There is a lot of hot air being blown about, claiming that the rich don't pay taxes. That is completely false.
The top marginal rate in 1960 was 91 percent. However, there were so many tax deductions that the effective rate was much lower at 42 percent.
Compare that to today. The richest 1 percent make an adjusted gross income of about $435,000 or more. My wife and I are in that one percent. For 2018, we are paying an effective rate of 30 percent, even though my marginal rate is 37%.
Compare this to a couple that each earn the national average income, thereby having an AGI of $80,000. Their marginal rate would be 12%, but the taxes paid would be $24,500, making their effective rate 16 percent.

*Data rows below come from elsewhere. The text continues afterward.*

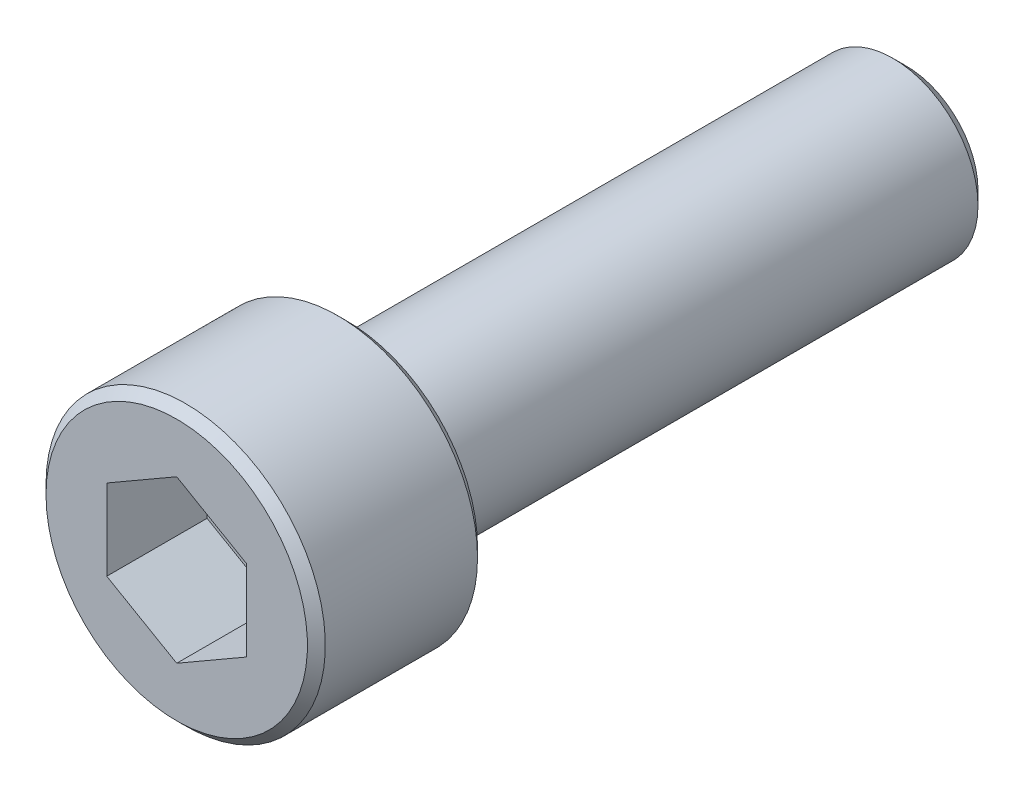
ISO-10303-21;
HEADER;
FILE_DESCRIPTION(('STEP AP214'),'2;1');
FILE_NAME('part.step','',(''),(''),'','','');
FILE_SCHEMA(('AUTOMOTIVE_DESIGN { 1 0 10303 214 1 1 1 1 }'));
ENDSEC;
DATA;
#1=APPLICATION_CONTEXT('core data for automotive mechanical design processes');
#2=APPLICATION_PROTOCOL_DEFINITION('international standard','automotive_design',2000,#1);
#3=PRODUCT_CONTEXT('',#1,'mechanical');
#4=PRODUCT('Part','Part','',(#3));
#5=PRODUCT_RELATED_PRODUCT_CATEGORY('part','',(#4));
#6=PRODUCT_DEFINITION_FORMATION('','',#4);
#7=PRODUCT_DEFINITION_CONTEXT('part definition',#1,'design');
#8=PRODUCT_DEFINITION('design','',#6,#7);
#9=PRODUCT_DEFINITION_SHAPE('','',#8);
#10=(LENGTH_UNIT() NAMED_UNIT(*) SI_UNIT(.MILLI.,.METRE.));
#11=(NAMED_UNIT(*) PLANE_ANGLE_UNIT() SI_UNIT($,.RADIAN.));
#12=(NAMED_UNIT(*) SI_UNIT($,.STERADIAN.) SOLID_ANGLE_UNIT());
#13=UNCERTAINTY_MEASURE_WITH_UNIT(LENGTH_MEASURE(1.E-05),#10,'distance_accuracy_value','');
#14=(GEOMETRIC_REPRESENTATION_CONTEXT(3) GLOBAL_UNCERTAINTY_ASSIGNED_CONTEXT((#13)) GLOBAL_UNIT_ASSIGNED_CONTEXT((#10,
#11,#12)) REPRESENTATION_CONTEXT('',''));
#15=CARTESIAN_POINT('',(0.,0.,0.));
#16=DIRECTION('',(0.,0.,1.));
#17=DIRECTION('',(1.,0.,0.));
#18=AXIS2_PLACEMENT_3D('',#15,#16,#17);
#19=CARTESIAN_POINT('',(0.,-2.29135888084633,1.9812));
#20=DIRECTION('',(0.,0.,-1.));
#21=DIRECTION('',(-1.,0.,0.));
#22=AXIS2_PLACEMENT_3D('',#19,#20,#21);
#23=PLANE('',#22);
#24=DIRECTION('',(0.,1.,0.));
#25=VECTOR('',#24,1.);
#26=CARTESIAN_POINT('',(1.984375,1.14567944042316,1.9812));
#27=LINE('',#26,#25);
#28=CARTESIAN_POINT('',(1.984375,-1.14567944042316,1.9812));
#29=VERTEX_POINT('',#28);
#30=CARTESIAN_POINT('',(1.984375,1.14567944042316,1.9812));
#31=VERTEX_POINT('',#30);
#32=EDGE_CURVE('E127',#29,#31,#27,.T.);
#33=ORIENTED_EDGE('',*,*,#32,.T.);
#34=DIRECTION('',(-0.866025403784439,0.5,0.));
#35=VECTOR('',#34,1.);
#36=CARTESIAN_POINT('',(0.,2.29135888084633,1.9812));
#37=LINE('',#36,#35);
#38=CARTESIAN_POINT('',(0.,2.29135888084633,1.9812));
#39=VERTEX_POINT('',#38);
#40=EDGE_CURVE('E132',#31,#39,#37,.T.);
#41=ORIENTED_EDGE('',*,*,#40,.T.);
#42=DIRECTION('',(-0.866025403784438,-0.500000000000001,0.));
#43=VECTOR('',#42,1.);
#44=CARTESIAN_POINT('',(-1.984375,1.14567944042316,1.9812));
#45=LINE('',#44,#43);
#46=CARTESIAN_POINT('',(-1.984375,1.14567944042316,1.9812));
#47=VERTEX_POINT('',#46);
#48=EDGE_CURVE('E136',#39,#47,#45,.T.);
#49=ORIENTED_EDGE('',*,*,#48,.T.);
#50=DIRECTION('',(0.,-1.,0.));
#51=VECTOR('',#50,1.);
#52=CARTESIAN_POINT('',(-1.984375,-1.14567944042316,1.9812));
#53=LINE('',#52,#51);
#54=CARTESIAN_POINT('',(-1.984375,-1.14567944042316,1.9812));
#55=VERTEX_POINT('',#54);
#56=EDGE_CURVE('E68',#47,#55,#53,.T.);
#57=ORIENTED_EDGE('',*,*,#56,.T.);
#58=DIRECTION('',(0.866025403784439,-0.5,0.));
#59=VECTOR('',#58,1.);
#60=CARTESIAN_POINT('',(0.,-2.29135888084633,1.9812));
#61=LINE('',#60,#59);
#62=CARTESIAN_POINT('',(0.,-2.29135888084633,1.9812));
#63=VERTEX_POINT('',#62);
#64=EDGE_CURVE('E70',#55,#63,#61,.T.);
#65=ORIENTED_EDGE('',*,*,#64,.T.);
#66=DIRECTION('',(0.866025403784439,0.5,0.));
#67=VECTOR('',#66,1.);
#68=CARTESIAN_POINT('',(1.984375,-1.14567944042316,1.9812));
#69=LINE('',#68,#67);
#70=EDGE_CURVE('E72',#63,#29,#69,.T.);
#71=ORIENTED_EDGE('',*,*,#70,.T.);
#72=EDGE_LOOP('',(#33,#41,#49,#57,#65,#71));
#73=FACE_BOUND('',#72,.T.);
#74=ADVANCED_FACE('F17',(#73),#23,.F.);
#75=CARTESIAN_POINT('',(1.984375,-1.14567944042316,1.9812));
#76=DIRECTION('',(0.5,-0.866025403784439,0.));
#77=DIRECTION('',(0.866025403784439,0.5,0.));
#78=AXIS2_PLACEMENT_3D('',#75,#76,#77);
#79=PLANE('',#78);
#80=DIRECTION('',(0.,0.,-1.));
#81=VECTOR('',#80,1.);
#82=CARTESIAN_POINT('',(1.984375,-1.14567944042316,1.9812));
#83=LINE('',#82,#81);
#84=CARTESIAN_POINT('',(1.984375,-1.14567944042316,4.826));
#85=VERTEX_POINT('',#84);
#86=EDGE_CURVE('E83',#85,#29,#83,.T.);
#87=ORIENTED_EDGE('',*,*,#86,.T.);
#88=ORIENTED_EDGE('',*,*,#70,.F.);
#89=DIRECTION('',(0.,0.,1.));
#90=VECTOR('',#89,1.);
#91=CARTESIAN_POINT('',(0.,-2.29135888084633,1.9812));
#92=LINE('',#91,#90);
#93=CARTESIAN_POINT('',(0.,-2.29135888084633,4.826));
#94=VERTEX_POINT('',#93);
#95=EDGE_CURVE('E77',#63,#94,#92,.T.);
#96=ORIENTED_EDGE('',*,*,#95,.T.);
#97=DIRECTION('',(-0.866025403784438,-0.5,0.));
#98=VECTOR('',#97,1.);
#99=CARTESIAN_POINT('',(1.984375,-1.14567944042316,4.826));
#100=LINE('',#99,#98);
#101=EDGE_CURVE('E124',#85,#94,#100,.T.);
#102=ORIENTED_EDGE('',*,*,#101,.F.);
#103=EDGE_LOOP('',(#87,#88,#96,#102));
#104=FACE_BOUND('',#103,.T.);
#105=ADVANCED_FACE('F80',(#104),#79,.F.);
#106=CARTESIAN_POINT('',(0.,-2.29135888084633,1.9812));
#107=DIRECTION('',(-0.5,-0.866025403784439,0.));
#108=DIRECTION('',(0.866025403784439,-0.5,0.));
#109=AXIS2_PLACEMENT_3D('',#106,#107,#108);
#110=PLANE('',#109);
#111=ORIENTED_EDGE('',*,*,#95,.F.);
#112=ORIENTED_EDGE('',*,*,#64,.F.);
#113=DIRECTION('',(0.,0.,1.));
#114=VECTOR('',#113,1.);
#115=CARTESIAN_POINT('',(-1.984375,-1.14567944042316,1.9812));
#116=LINE('',#115,#114);
#117=CARTESIAN_POINT('',(-1.984375,-1.14567944042316,4.826));
#118=VERTEX_POINT('',#117);
#119=EDGE_CURVE('E91',#55,#118,#116,.T.);
#120=ORIENTED_EDGE('',*,*,#119,.T.);
#121=DIRECTION('',(-0.866025403784439,0.5,0.));
#122=VECTOR('',#121,1.);
#123=CARTESIAN_POINT('',(0.,-2.29135888084633,4.826));
#124=LINE('',#123,#122);
#125=EDGE_CURVE('E88',#94,#118,#124,.T.);
#126=ORIENTED_EDGE('',*,*,#125,.F.);
#127=EDGE_LOOP('',(#111,#112,#120,#126));
#128=FACE_BOUND('',#127,.T.);
#129=ADVANCED_FACE('F86',(#128),#110,.F.);
#130=CARTESIAN_POINT('',(-1.984375,-1.14567944042316,1.9812));
#131=DIRECTION('',(-1.,0.,0.));
#132=DIRECTION('',(0.,-1.,0.));
#133=AXIS2_PLACEMENT_3D('',#130,#131,#132);
#134=PLANE('',#133);
#135=ORIENTED_EDGE('',*,*,#119,.F.);
#136=ORIENTED_EDGE('',*,*,#56,.F.);
#137=DIRECTION('',(0.,0.,1.));
#138=VECTOR('',#137,1.);
#139=CARTESIAN_POINT('',(-1.984375,1.14567944042316,1.9812));
#140=LINE('',#139,#138);
#141=CARTESIAN_POINT('',(-1.984375,1.14567944042316,4.826));
#142=VERTEX_POINT('',#141);
#143=EDGE_CURVE('E134',#47,#142,#140,.T.);
#144=ORIENTED_EDGE('',*,*,#143,.T.);
#145=DIRECTION('',(0.,1.,0.));
#146=VECTOR('',#145,1.);
#147=CARTESIAN_POINT('',(-1.984375,0.,4.826));
#148=LINE('',#147,#146);
#149=EDGE_CURVE('E120',#118,#142,#148,.T.);
#150=ORIENTED_EDGE('',*,*,#149,.F.);
#151=EDGE_LOOP('',(#135,#136,#144,#150));
#152=FACE_BOUND('',#151,.T.);
#153=ADVANCED_FACE('F139',(#152),#134,.F.);
#154=CARTESIAN_POINT('',(-1.984375,1.14567944042316,1.9812));
#155=DIRECTION('',(-0.500000000000001,0.866025403784438,0.));
#156=DIRECTION('',(-0.866025403784438,-0.500000000000001,0.));
#157=AXIS2_PLACEMENT_3D('',#154,#155,#156);
#158=PLANE('',#157);
#159=ORIENTED_EDGE('',*,*,#143,.F.);
#160=ORIENTED_EDGE('',*,*,#48,.F.);
#161=DIRECTION('',(0.,0.,1.));
#162=VECTOR('',#161,1.);
#163=CARTESIAN_POINT('',(0.,2.29135888084633,1.9812));
#164=LINE('',#163,#162);
#165=CARTESIAN_POINT('',(0.,2.29135888084633,4.826));
#166=VERTEX_POINT('',#165);
#167=EDGE_CURVE('E130',#39,#166,#164,.T.);
#168=ORIENTED_EDGE('',*,*,#167,.T.);
#169=DIRECTION('',(0.866025403784438,0.5,0.));
#170=VECTOR('',#169,1.);
#171=CARTESIAN_POINT('',(-1.984375,1.14567944042316,4.826));
#172=LINE('',#171,#170);
#173=EDGE_CURVE('E117',#142,#166,#172,.T.);
#174=ORIENTED_EDGE('',*,*,#173,.F.);
#175=EDGE_LOOP('',(#159,#160,#168,#174));
#176=FACE_BOUND('',#175,.T.);
#177=ADVANCED_FACE('F151',(#176),#158,.F.);
#178=CARTESIAN_POINT('',(0.,2.29135888084633,1.9812));
#179=DIRECTION('',(0.5,0.866025403784439,0.));
#180=DIRECTION('',(-0.866025403784439,0.5,0.));
#181=AXIS2_PLACEMENT_3D('',#178,#179,#180);
#182=PLANE('',#181);
#183=ORIENTED_EDGE('',*,*,#167,.F.);
#184=ORIENTED_EDGE('',*,*,#40,.F.);
#185=DIRECTION('',(0.,0.,-1.));
#186=VECTOR('',#185,1.);
#187=CARTESIAN_POINT('',(1.984375,1.14567944042316,1.9812));
#188=LINE('',#187,#186);
#189=CARTESIAN_POINT('',(1.984375,1.14567944042316,4.826));
#190=VERTEX_POINT('',#189);
#191=EDGE_CURVE('E35',#31,#190,#188,.F.);
#192=ORIENTED_EDGE('',*,*,#191,.T.);
#193=DIRECTION('',(0.866025403784439,-0.5,0.));
#194=VECTOR('',#193,1.);
#195=CARTESIAN_POINT('',(0.,2.29135888084633,4.826));
#196=LINE('',#195,#194);
#197=EDGE_CURVE('E114',#166,#190,#196,.T.);
#198=ORIENTED_EDGE('',*,*,#197,.F.);
#199=EDGE_LOOP('',(#183,#184,#192,#198));
#200=FACE_BOUND('',#199,.T.);
#201=ADVANCED_FACE('F149',(#200),#182,.F.);
#202=CARTESIAN_POINT('',(1.984375,1.14567944042316,1.9812));
#203=DIRECTION('',(1.,0.,0.));
#204=DIRECTION('',(0.,0.,-1.));
#205=AXIS2_PLACEMENT_3D('',#202,#203,#204);
#206=PLANE('',#205);
#207=ORIENTED_EDGE('',*,*,#191,.F.);
#208=ORIENTED_EDGE('',*,*,#32,.F.);
#209=ORIENTED_EDGE('',*,*,#86,.F.);
#210=DIRECTION('',(0.,1.,0.));
#211=VECTOR('',#210,1.);
#212=CARTESIAN_POINT('',(1.984375,0.,4.826));
#213=LINE('',#212,#211);
#214=EDGE_CURVE('E111',#190,#85,#213,.F.);
#215=ORIENTED_EDGE('',*,*,#214,.F.);
#216=EDGE_LOOP('',(#207,#208,#209,#215));
#217=FACE_BOUND('',#216,.T.);
#218=ADVANCED_FACE('F146',(#217),#206,.F.);
#219=CARTESIAN_POINT('',(0.,0.,4.826));
#220=DIRECTION('',(0.,0.,1.));
#221=DIRECTION('',(1.,0.,0.));
#222=AXIS2_PLACEMENT_3D('',#219,#220,#221);
#223=PLANE('',#222);
#224=ORIENTED_EDGE('',*,*,#197,.T.);
#225=ORIENTED_EDGE('',*,*,#214,.T.);
#226=ORIENTED_EDGE('',*,*,#101,.T.);
#227=ORIENTED_EDGE('',*,*,#125,.T.);
#228=ORIENTED_EDGE('',*,*,#149,.T.);
#229=ORIENTED_EDGE('',*,*,#173,.T.);
#230=EDGE_LOOP('',(#224,#225,#226,#227,#228,#229));
#231=FACE_BOUND('',#230,.T.);
#232=CARTESIAN_POINT('',(0.,0.,4.82599999998001));
#233=DIRECTION('',(0.,0.,-1.));
#234=DIRECTION('',(-1.,0.,0.));
#235=AXIS2_PLACEMENT_3D('',#232,#233,#234);
#236=CIRCLE('',#235,3.70839999999362);
#237=CARTESIAN_POINT('',(-3.70839999999362,0.,4.82599999998001));
#238=VERTEX_POINT('',#237);
#239=EDGE_CURVE('E20',#238,#238,#236,.T.);
#240=ORIENTED_EDGE('',*,*,#239,.F.);
#241=EDGE_LOOP('',(#240));
#242=FACE_BOUND('',#241,.T.);
#243=ADVANCED_FACE('F143',(#231,#242),#223,.T.);
#244=CARTESIAN_POINT('',(0.,0.,4.57199999999602));
#245=DIRECTION('',(0.,0.,-1.));
#246=DIRECTION('',(-1.,0.,0.));
#247=AXIS2_PLACEMENT_3D('',#244,#245,#246);
#248=CONICAL_SURFACE('',#247,3.96239999997761,0.785398163397448);
#249=ORIENTED_EDGE('',*,*,#239,.T.);
#250=EDGE_LOOP('',(#249));
#251=FACE_BOUND('',#250,.T.);
#252=CARTESIAN_POINT('',(0.,0.,4.572));
#253=DIRECTION('',(0.,0.,-1.));
#254=DIRECTION('',(-1.,0.,0.));
#255=AXIS2_PLACEMENT_3D('',#252,#253,#254);
#256=CIRCLE('',#255,3.9624);
#257=CARTESIAN_POINT('',(-3.9624,0.,4.572));
#258=VERTEX_POINT('',#257);
#259=EDGE_CURVE('E103',#258,#258,#256,.T.);
#260=ORIENTED_EDGE('',*,*,#259,.F.);
#261=EDGE_LOOP('',(#260));
#262=FACE_BOUND('',#261,.T.);
#263=ADVANCED_FACE('F188',(#251,#262),#248,.T.);
#264=CARTESIAN_POINT('',(0.,0.,4.826));
#265=DIRECTION('',(0.,0.,-1.));
#266=DIRECTION('',(-1.,0.,0.));
#267=AXIS2_PLACEMENT_3D('',#264,#265,#266);
#268=CYLINDRICAL_SURFACE('',#267,3.9624);
#269=ORIENTED_EDGE('',*,*,#259,.T.);
#270=EDGE_LOOP('',(#269));
#271=FACE_BOUND('',#270,.T.);
#272=CARTESIAN_POINT('',(0.,0.,0.254000000040833));
#273=DIRECTION('',(0.,0.,1.));
#274=DIRECTION('',(1.,0.,0.));
#275=AXIS2_PLACEMENT_3D('',#272,#273,#274);
#276=CIRCLE('',#275,3.96239999997761);
#277=CARTESIAN_POINT('',(3.96239999997761,0.,0.254000000040833));
#278=VERTEX_POINT('',#277);
#279=EDGE_CURVE('E99',#278,#278,#276,.F.);
#280=ORIENTED_EDGE('',*,*,#279,.F.);
#281=EDGE_LOOP('',(#280));
#282=FACE_BOUND('',#281,.T.);
#283=ADVANCED_FACE('F184',(#271,#282),#268,.T.);
#284=CARTESIAN_POINT('',(0.,0.,-15.875));
#285=DIRECTION('',(0.,0.,1.));
#286=DIRECTION('',(1.,0.,0.));
#287=AXIS2_PLACEMENT_3D('',#284,#285,#286);
#288=PLANE('',#287);
#289=CARTESIAN_POINT('',(0.,0.,-15.8749999999941));
#290=DIRECTION('',(0.,0.,1.));
#291=DIRECTION('',(1.,0.,0.));
#292=AXIS2_PLACEMENT_3D('',#289,#290,#291);
#293=CIRCLE('',#292,2.03199999992876);
#294=CARTESIAN_POINT('',(2.03199999992876,0.,-15.8749999999941));
#295=VERTEX_POINT('',#294);
#296=EDGE_CURVE('E97',#295,#295,#293,.T.);
#297=ORIENTED_EDGE('',*,*,#296,.F.);
#298=EDGE_LOOP('',(#297));
#299=FACE_BOUND('',#298,.T.);
#300=ADVANCED_FACE('F180',(#299),#288,.F.);
#301=CARTESIAN_POINT('',(0.,0.,0.253999999927146));
#302=DIRECTION('',(0.,0.,1.));
#303=DIRECTION('',(1.,0.,0.));
#304=AXIS2_PLACEMENT_3D('',#301,#302,#303);
#305=CONICAL_SURFACE('',#304,3.96239999992076,0.785398163397448);
#306=CARTESIAN_POINT('',(0.,0.,5.6843418860808E-11));
#307=DIRECTION('',(0.,0.,1.));
#308=DIRECTION('',(1.,0.,0.));
#309=AXIS2_PLACEMENT_3D('',#306,#307,#308);
#310=CIRCLE('',#309,3.70840000005046);
#311=CARTESIAN_POINT('',(3.70840000005046,0.,5.6843418860808E-11));
#312=VERTEX_POINT('',#311);
#313=EDGE_CURVE('E95',#312,#312,#310,.T.);
#314=ORIENTED_EDGE('',*,*,#313,.T.);
#315=EDGE_LOOP('',(#314));
#316=FACE_BOUND('',#315,.T.);
#317=ORIENTED_EDGE('',*,*,#279,.T.);
#318=EDGE_LOOP('',(#317));
#319=FACE_BOUND('',#318,.T.);
#320=ADVANCED_FACE('F176',(#316,#319),#305,.T.);
#321=CARTESIAN_POINT('',(0.,0.,-15.4940000001034));
#322=DIRECTION('',(0.,0.,1.));
#323=DIRECTION('',(1.,0.,0.));
#324=AXIS2_PLACEMENT_3D('',#321,#322,#323);
#325=CONICAL_SURFACE('',#324,2.41299999987632,0.785398163472046);
#326=CARTESIAN_POINT('',(0.,0.,-15.494));
#327=DIRECTION('',(0.,0.,1.));
#328=DIRECTION('',(1.,0.,0.));
#329=AXIS2_PLACEMENT_3D('',#326,#327,#328);
#330=CIRCLE('',#329,2.413);
#331=CARTESIAN_POINT('',(2.413,0.,-15.494));
#332=VERTEX_POINT('',#331);
#333=EDGE_CURVE('E26',#332,#332,#330,.T.);
#334=ORIENTED_EDGE('',*,*,#333,.F.);
#335=EDGE_LOOP('',(#334));
#336=FACE_BOUND('',#335,.T.);
#337=ORIENTED_EDGE('',*,*,#296,.T.);
#338=EDGE_LOOP('',(#337));
#339=FACE_BOUND('',#338,.T.);
#340=ADVANCED_FACE('F169',(#336,#339),#325,.T.);
#341=CARTESIAN_POINT('',(0.,0.,0.));
#342=DIRECTION('',(0.,0.,1.));
#343=DIRECTION('',(1.,0.,0.));
#344=AXIS2_PLACEMENT_3D('',#341,#342,#343);
#345=PLANE('',#344);
#346=CARTESIAN_POINT('',(0.,0.,0.));
#347=DIRECTION('',(0.,0.,1.));
#348=DIRECTION('',(1.,0.,0.));
#349=AXIS2_PLACEMENT_3D('',#346,#347,#348);
#350=CIRCLE('',#349,2.413);
#351=CARTESIAN_POINT('',(2.413,0.,0.));
#352=VERTEX_POINT('',#351);
#353=EDGE_CURVE('E11',#352,#352,#350,.F.);
#354=ORIENTED_EDGE('',*,*,#353,.F.);
#355=EDGE_LOOP('',(#354));
#356=FACE_BOUND('',#355,.T.);
#357=ORIENTED_EDGE('',*,*,#313,.F.);
#358=EDGE_LOOP('',(#357));
#359=FACE_BOUND('',#358,.T.);
#360=ADVANCED_FACE('F163',(#356,#359),#345,.F.);
#361=CARTESIAN_POINT('',(0.,0.,-15.875));
#362=DIRECTION('',(0.,0.,1.));
#363=DIRECTION('',(1.,0.,0.));
#364=AXIS2_PLACEMENT_3D('',#361,#362,#363);
#365=CYLINDRICAL_SURFACE('',#364,2.413);
#366=ORIENTED_EDGE('',*,*,#353,.T.);
#367=EDGE_LOOP('',(#366));
#368=FACE_BOUND('',#367,.T.);
#369=ORIENTED_EDGE('',*,*,#333,.T.);
#370=EDGE_LOOP('',(#369));
#371=FACE_BOUND('',#370,.T.);
#372=ADVANCED_FACE('F161',(#368,#371),#365,.T.);
#373=CLOSED_SHELL('',(#74,#105,#129,#153,#177,#201,#218,#243,#263,#283,#300,#320,#340,#360,#372));
#374=MANIFOLD_SOLID_BREP('B1',#373);
#375=ADVANCED_BREP_SHAPE_REPRESENTATION('',(#18,#374),#14);
#376=SHAPE_DEFINITION_REPRESENTATION(#9,#375);
ENDSEC;
END-ISO-10303-21;

Now compare this to a married couple making just over Florida's minimum wage. Their annual income would be about $35,000 a year, and their marginal rate would be 10 percent, resulting in about $3,800 in taxes. That means their effective rate would be just under 11 percent.
I pay a tax rate that is 3 times higher than minimum wage, and in total dollar amount, my wife and I are paying more than 60 times as much.
Don't tell me that we are not paying our fair share.
It's worse than you calculate. The $35,000 a year minimum wage worker has more in benefits than they pay in taxes.
ReplyDeleteIt's the Welfare Cliff. As they work harder, they have less disposable income. Quite the incentive plan. Zero Hedge linked to a derivation that showed "a one-parent family of three making $14,500 a year (minimum wage) has more disposable income than a family making $60,000 a year."
The most insane arguments are that America had a truly great period of growth in the '50s and '60s because the taxes were much higher, not because Europe and Japan were bombed back to the stone age and there was much less competition.